In 1990, Arthur Kornberg,
MD, Nobel laureate and emeritus professor of
biochemistry, and a postdoctoral fellow in his lab
defined the enzyme that produces polyphosphate in the
bacterium Escherichia coli. The enzyme, polyphosphate
kinase (PPK), makes polyphosphate by stringing together
many phosphate residues. Kornberg has an enduring
interest in all kinds of enzymes and is particularly
interested in this one because its product is ubiquitous
in biology. And yet the function of this product
polyphosphate is relatively unknown.
"Everything in nature
is based on phosphate metabolism. Every cell in nature,
every compartment within every cell has polyphosphate.
It's found everywhere, and it's been conserved for
billions of years it must be doing something
important," Kornberg said. And yet, according to
Kornberg, very few researchers are studying polyphosphate
or the enzyme that makes it. Kornberg has made it the
focus of his research group.
Since finding and
characterizing the PPK gene, members of his lab have
learned that the PPK enzyme is similar in many bacteria,
including several that cause disease in humans. Organisms
such as yeast, plants, humans and other animals have a
different kind of enzyme for producing polyphosphate.
When the researchers made
mutant strains of bacteria lacking the gene for PPK, many
of the bacteria had difficulty moving around. Pseudomonas
aeruginosa, which causes dangerous infections in people
with a deficient immune system, were unable to use their
flagella to swim or swarm around, and they were unable to
use tiny cell extensions, called pili, for twitching
motility.
Now, the Kornberg team has
found that P. aeruginosa bacteria without the gene are
also unable to form microbial communities called
biofilms, and they are unable to communicate with each
other via a process called quorum sensing. Biofilms and
quorum sensing are phenomena that occur when the bacteria
encounter a new environment and must adapt to survive.
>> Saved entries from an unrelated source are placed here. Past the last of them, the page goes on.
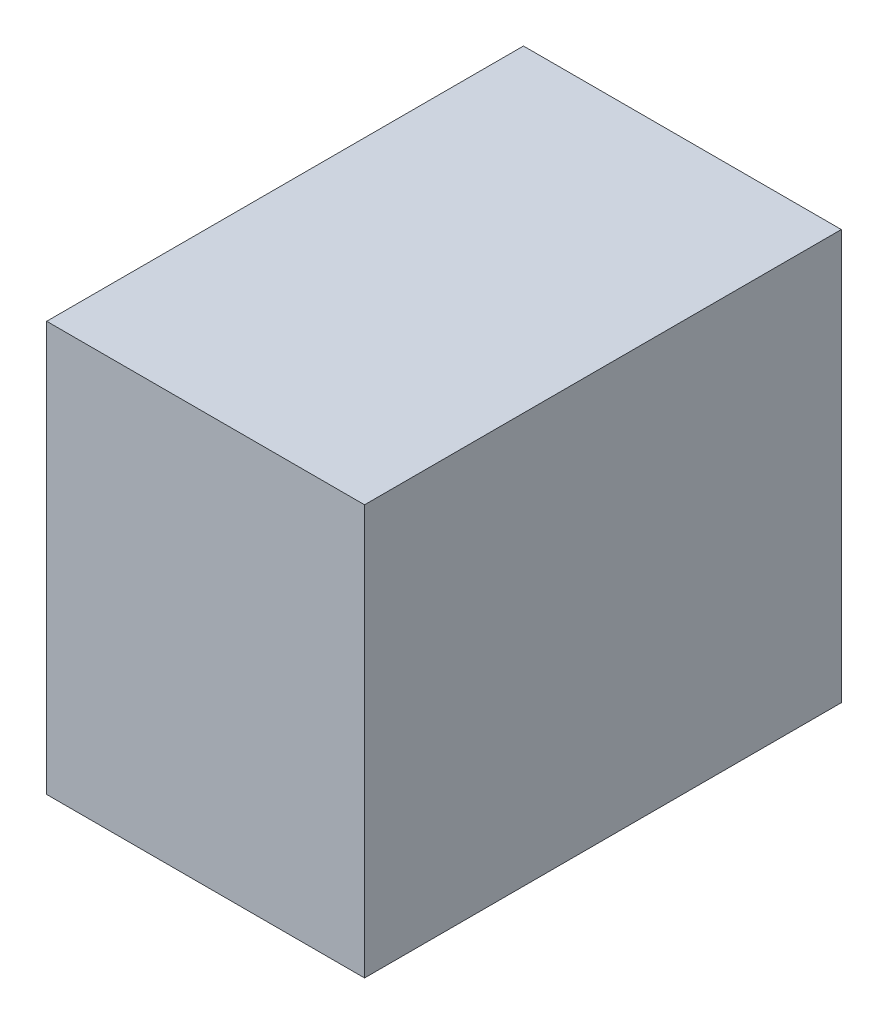
ISO-10303-21;
HEADER;
FILE_DESCRIPTION(('STEP AP214'),'2;1');
FILE_NAME('part.step','',(''),(''),'','','');
FILE_SCHEMA(('AUTOMOTIVE_DESIGN { 1 0 10303 214 1 1 1 1 }'));
ENDSEC;
DATA;
#1=APPLICATION_CONTEXT('core data for automotive mechanical design processes');
#2=APPLICATION_PROTOCOL_DEFINITION('international standard','automotive_design',2000,#1);
#3=PRODUCT_CONTEXT('',#1,'mechanical');
#4=PRODUCT('Part','Part','',(#3));
#5=PRODUCT_RELATED_PRODUCT_CATEGORY('part','',(#4));
#6=PRODUCT_DEFINITION_FORMATION('','',#4);
#7=PRODUCT_DEFINITION_CONTEXT('part definition',#1,'design');
#8=PRODUCT_DEFINITION('design','',#6,#7);
#9=PRODUCT_DEFINITION_SHAPE('','',#8);
#10=(LENGTH_UNIT() NAMED_UNIT(*) SI_UNIT(.MILLI.,.METRE.));
#11=(NAMED_UNIT(*) PLANE_ANGLE_UNIT() SI_UNIT($,.RADIAN.));
#12=(NAMED_UNIT(*) SI_UNIT($,.STERADIAN.) SOLID_ANGLE_UNIT());
#13=UNCERTAINTY_MEASURE_WITH_UNIT(LENGTH_MEASURE(1.E-05),#10,'distance_accuracy_value','');
#14=(GEOMETRIC_REPRESENTATION_CONTEXT(3) GLOBAL_UNCERTAINTY_ASSIGNED_CONTEXT((#13)) GLOBAL_UNIT_ASSIGNED_CONTEXT((#10,
#11,#12)) REPRESENTATION_CONTEXT('',''));
#15=CARTESIAN_POINT('',(0.,0.,0.));
#16=DIRECTION('',(0.,0.,1.));
#17=DIRECTION('',(1.,0.,0.));
#18=AXIS2_PLACEMENT_3D('',#15,#16,#17);
#19=CARTESIAN_POINT('',(0.50804826,-0.65499996,0.));
#20=DIRECTION('',(-1.,0.,0.));
#21=DIRECTION('',(0.,0.,1.));
#22=AXIS2_PLACEMENT_3D('',#19,#20,#21);
#23=PLANE('',#22);
#24=DIRECTION('',(0.,0.,-1.));
#25=VECTOR('',#24,1.);
#26=CARTESIAN_POINT('',(0.50804826,0.65499996,0.));
#27=LINE('',#26,#25);
#28=CARTESIAN_POINT('',(0.50804826,0.65499996,0.));
#29=VERTEX_POINT('',#28);
#30=CARTESIAN_POINT('',(0.50804826,0.65499996,1.524));
#31=VERTEX_POINT('',#30);
#32=EDGE_CURVE('E20',#29,#31,#27,.F.);
#33=ORIENTED_EDGE('',*,*,#32,.T.);
#34=DIRECTION('',(0.,1.,0.));
#35=VECTOR('',#34,1.);
#36=CARTESIAN_POINT('',(0.50804826,0.65499996,1.524));
#37=LINE('',#36,#35);
#38=CARTESIAN_POINT('',(0.50804826,-0.65499996,1.524));
#39=VERTEX_POINT('',#38);
#40=EDGE_CURVE('E55',#31,#39,#37,.F.);
#41=ORIENTED_EDGE('',*,*,#40,.T.);
#42=DIRECTION('',(0.,0.,1.));
#43=VECTOR('',#42,1.);
#44=CARTESIAN_POINT('',(0.50804826,-0.65499996,0.));
#45=LINE('',#44,#43);
#46=CARTESIAN_POINT('',(0.50804826,-0.65499996,0.));
#47=VERTEX_POINT('',#46);
#48=EDGE_CURVE('E76',#39,#47,#45,.F.);
#49=ORIENTED_EDGE('',*,*,#48,.T.);
#50=DIRECTION('',(0.,1.,0.));
#51=VECTOR('',#50,1.);
#52=CARTESIAN_POINT('',(0.50804826,0.65499996,0.));
#53=LINE('',#52,#51);
#54=EDGE_CURVE('E58',#29,#47,#53,.F.);
#55=ORIENTED_EDGE('',*,*,#54,.F.);
#56=EDGE_LOOP('',(#33,#41,#49,#55));
#57=FACE_BOUND('',#56,.T.);
#58=ADVANCED_FACE('F17',(#57),#23,.F.);
#59=CARTESIAN_POINT('',(0.50804826,0.65499996,0.));
#60=DIRECTION('',(0.,-1.,0.));
#61=DIRECTION('',(0.,0.,-1.));
#62=AXIS2_PLACEMENT_3D('',#59,#60,#61);
#63=PLANE('',#62);
#64=DIRECTION('',(0.,0.,-1.));
#65=VECTOR('',#64,1.);
#66=CARTESIAN_POINT('',(-0.50804826,0.65499996,0.));
#67=LINE('',#66,#65);
#68=CARTESIAN_POINT('',(-0.50804826,0.65499996,0.));
#69=VERTEX_POINT('',#68);
#70=CARTESIAN_POINT('',(-0.50804826,0.65499996,1.524));
#71=VERTEX_POINT('',#70);
#72=EDGE_CURVE('E73',#69,#71,#67,.F.);
#73=ORIENTED_EDGE('',*,*,#72,.T.);
#74=DIRECTION('',(-1.,0.,0.));
#75=VECTOR('',#74,1.);
#76=CARTESIAN_POINT('',(-0.50804826,0.65499996,1.524));
#77=LINE('',#76,#75);
#78=EDGE_CURVE('E63',#71,#31,#77,.F.);
#79=ORIENTED_EDGE('',*,*,#78,.T.);
#80=ORIENTED_EDGE('',*,*,#32,.F.);
#81=DIRECTION('',(-1.,0.,0.));
#82=VECTOR('',#81,1.);
#83=CARTESIAN_POINT('',(-0.50804826,0.65499996,0.));
#84=LINE('',#83,#82);
#85=EDGE_CURVE('E78',#69,#29,#84,.F.);
#86=ORIENTED_EDGE('',*,*,#85,.F.);
#87=EDGE_LOOP('',(#73,#79,#80,#86));
#88=FACE_BOUND('',#87,.T.);
#89=ADVANCED_FACE('F72',(#88),#63,.F.);
#90=CARTESIAN_POINT('',(-0.50804826,0.65499996,1.524));
#91=DIRECTION('',(0.,0.,-1.));
#92=DIRECTION('',(-1.,0.,0.));
#93=AXIS2_PLACEMENT_3D('',#90,#91,#92);
#94=PLANE('',#93);
#95=DIRECTION('',(1.,0.,0.));
#96=VECTOR('',#95,1.);
#97=CARTESIAN_POINT('',(-0.50804826,-0.65499996,1.524));
#98=LINE('',#97,#96);
#99=CARTESIAN_POINT('',(-0.50804826,-0.65499996,1.524));
#100=VERTEX_POINT('',#99);
#101=EDGE_CURVE('E69',#100,#39,#98,.T.);
#102=ORIENTED_EDGE('',*,*,#101,.T.);
#103=ORIENTED_EDGE('',*,*,#40,.F.);
#104=ORIENTED_EDGE('',*,*,#78,.F.);
#105=DIRECTION('',(0.,1.,0.));
#106=VECTOR('',#105,1.);
#107=CARTESIAN_POINT('',(-0.50804826,0.65499996,1.524));
#108=LINE('',#107,#106);
#109=EDGE_CURVE('E83',#71,#100,#108,.F.);
#110=ORIENTED_EDGE('',*,*,#109,.T.);
#111=EDGE_LOOP('',(#102,#103,#104,#110));
#112=FACE_BOUND('',#111,.T.);
#113=ADVANCED_FACE('F66',(#112),#94,.F.);
#114=CARTESIAN_POINT('',(-0.50804826,-0.65499996,0.));
#115=DIRECTION('',(0.,1.,0.));
#116=DIRECTION('',(0.,0.,1.));
#117=AXIS2_PLACEMENT_3D('',#114,#115,#116);
#118=PLANE('',#117);
#119=ORIENTED_EDGE('',*,*,#48,.F.);
#120=ORIENTED_EDGE('',*,*,#101,.F.);
#121=DIRECTION('',(0.,0.,-1.));
#122=VECTOR('',#121,1.);
#123=CARTESIAN_POINT('',(-0.50804826,-0.65499996,0.));
#124=LINE('',#123,#122);
#125=CARTESIAN_POINT('',(-0.50804826,-0.65499996,0.));
#126=VERTEX_POINT('',#125);
#127=EDGE_CURVE('E26',#100,#126,#124,.T.);
#128=ORIENTED_EDGE('',*,*,#127,.T.);
#129=DIRECTION('',(-1.,0.,0.));
#130=VECTOR('',#129,1.);
#131=CARTESIAN_POINT('',(-0.50804826,-0.65499996,0.));
#132=LINE('',#131,#130);
#133=EDGE_CURVE('E34',#47,#126,#132,.T.);
#134=ORIENTED_EDGE('',*,*,#133,.F.);
#135=EDGE_LOOP('',(#119,#120,#128,#134));
#136=FACE_BOUND('',#135,.T.);
#137=ADVANCED_FACE('F88',(#136),#118,.F.);
#138=CARTESIAN_POINT('',(-0.50804826,0.65499996,0.));
#139=DIRECTION('',(0.,0.,-1.));
#140=DIRECTION('',(-1.,0.,0.));
#141=AXIS2_PLACEMENT_3D('',#138,#139,#140);
#142=PLANE('',#141);
#143=ORIENTED_EDGE('',*,*,#133,.T.);
#144=DIRECTION('',(0.,1.,0.));
#145=VECTOR('',#144,1.);
#146=CARTESIAN_POINT('',(-0.50804826,0.65499996,0.));
#147=LINE('',#146,#145);
#148=EDGE_CURVE('E11',#126,#69,#147,.T.);
#149=ORIENTED_EDGE('',*,*,#148,.T.);
#150=ORIENTED_EDGE('',*,*,#85,.T.);
#151=ORIENTED_EDGE('',*,*,#54,.T.);
#152=EDGE_LOOP('',(#143,#149,#150,#151));
#153=FACE_BOUND('',#152,.T.);
#154=ADVANCED_FACE('F91',(#153),#142,.T.);
#155=CARTESIAN_POINT('',(-0.50804826,0.65499996,0.));
#156=DIRECTION('',(1.,0.,0.));
#157=DIRECTION('',(0.,0.,-1.));
#158=AXIS2_PLACEMENT_3D('',#155,#156,#157);
#159=PLANE('',#158);
#160=ORIENTED_EDGE('',*,*,#127,.F.);
#161=ORIENTED_EDGE('',*,*,#109,.F.);
#162=ORIENTED_EDGE('',*,*,#72,.F.);
#163=ORIENTED_EDGE('',*,*,#148,.F.);
#164=EDGE_LOOP('',(#160,#161,#162,#163));
#165=FACE_BOUND('',#164,.T.);
#166=ADVANCED_FACE('F90',(#165),#159,.F.);
#167=CLOSED_SHELL('',(#58,#89,#113,#137,#154,#166));
#168=MANIFOLD_SOLID_BREP('B1',#167);
#169=ADVANCED_BREP_SHAPE_REPRESENTATION('',(#18,#168),#14);
#170=SHAPE_DEFINITION_REPRESENTATION(#9,#169);
ENDSEC;
END-ISO-10303-21;

Quorum-sensing communication between bacteria involves
the release of small molecules that float among the
bacteria and deliver a chemical message. When the
bacteria determine, via quorum-sensing communication,
that a critical mass of organisms has assembled, they use
their flagella to slide toward each other and construct a
thick, slimy biofilm.
"These bugs talk to
each other. They sense when the population has become so
dense that they have to develop another way of life a
biofilm," Kornberg explained.
Within a biofilm they are
protected from harsh changes in the environment. The
tartar on your teeth and the scum on a bathroom sink are
both biofilms. They are the scourge of surgeons because
they form on catheters and pacemakers installed long-term
in patients. P. aeruginosa biofilms are the cause of
fatal pneumonia in people with cystic fibrosis. Once
sheltered within a biofilm, bacteria are relatively
immune to antibiotics and other drugs.
Besides biofilm
development, production of the proteins and toxins known
as virulence factors, which enable bacteria to cause
disease in their host, is also under quorum-sensing
control. Researchers in Kornberg's lab found that
bacteria without the PPK gene produced much lower amounts
of several toxins. Fourteen of 15 mice infected with
these mutant bacteria survived, whereas only one of 19
mice infected with normal bacteria carrying the PPK gene
survived.
Virulence factor
production, biofilm development, quorum-sensing
communication and flagella-initiated movement would seem
to be a disparate set of cellular processes to be
affected by the absence of a single enzyme, but Kornberg
believes that timing is what ties them all together.
"Many people focus on
growing cells. We discovered that even though the bugs
appeared to be healthy in their rapidly growing phase,
when they enter the stationary phase life in the slow
lane they die," he explained. "Several
hundred genes are needed for adaptations for survival to
ensure the longevity of those organisms. For lack of PPK
they don't express those genes, and they die."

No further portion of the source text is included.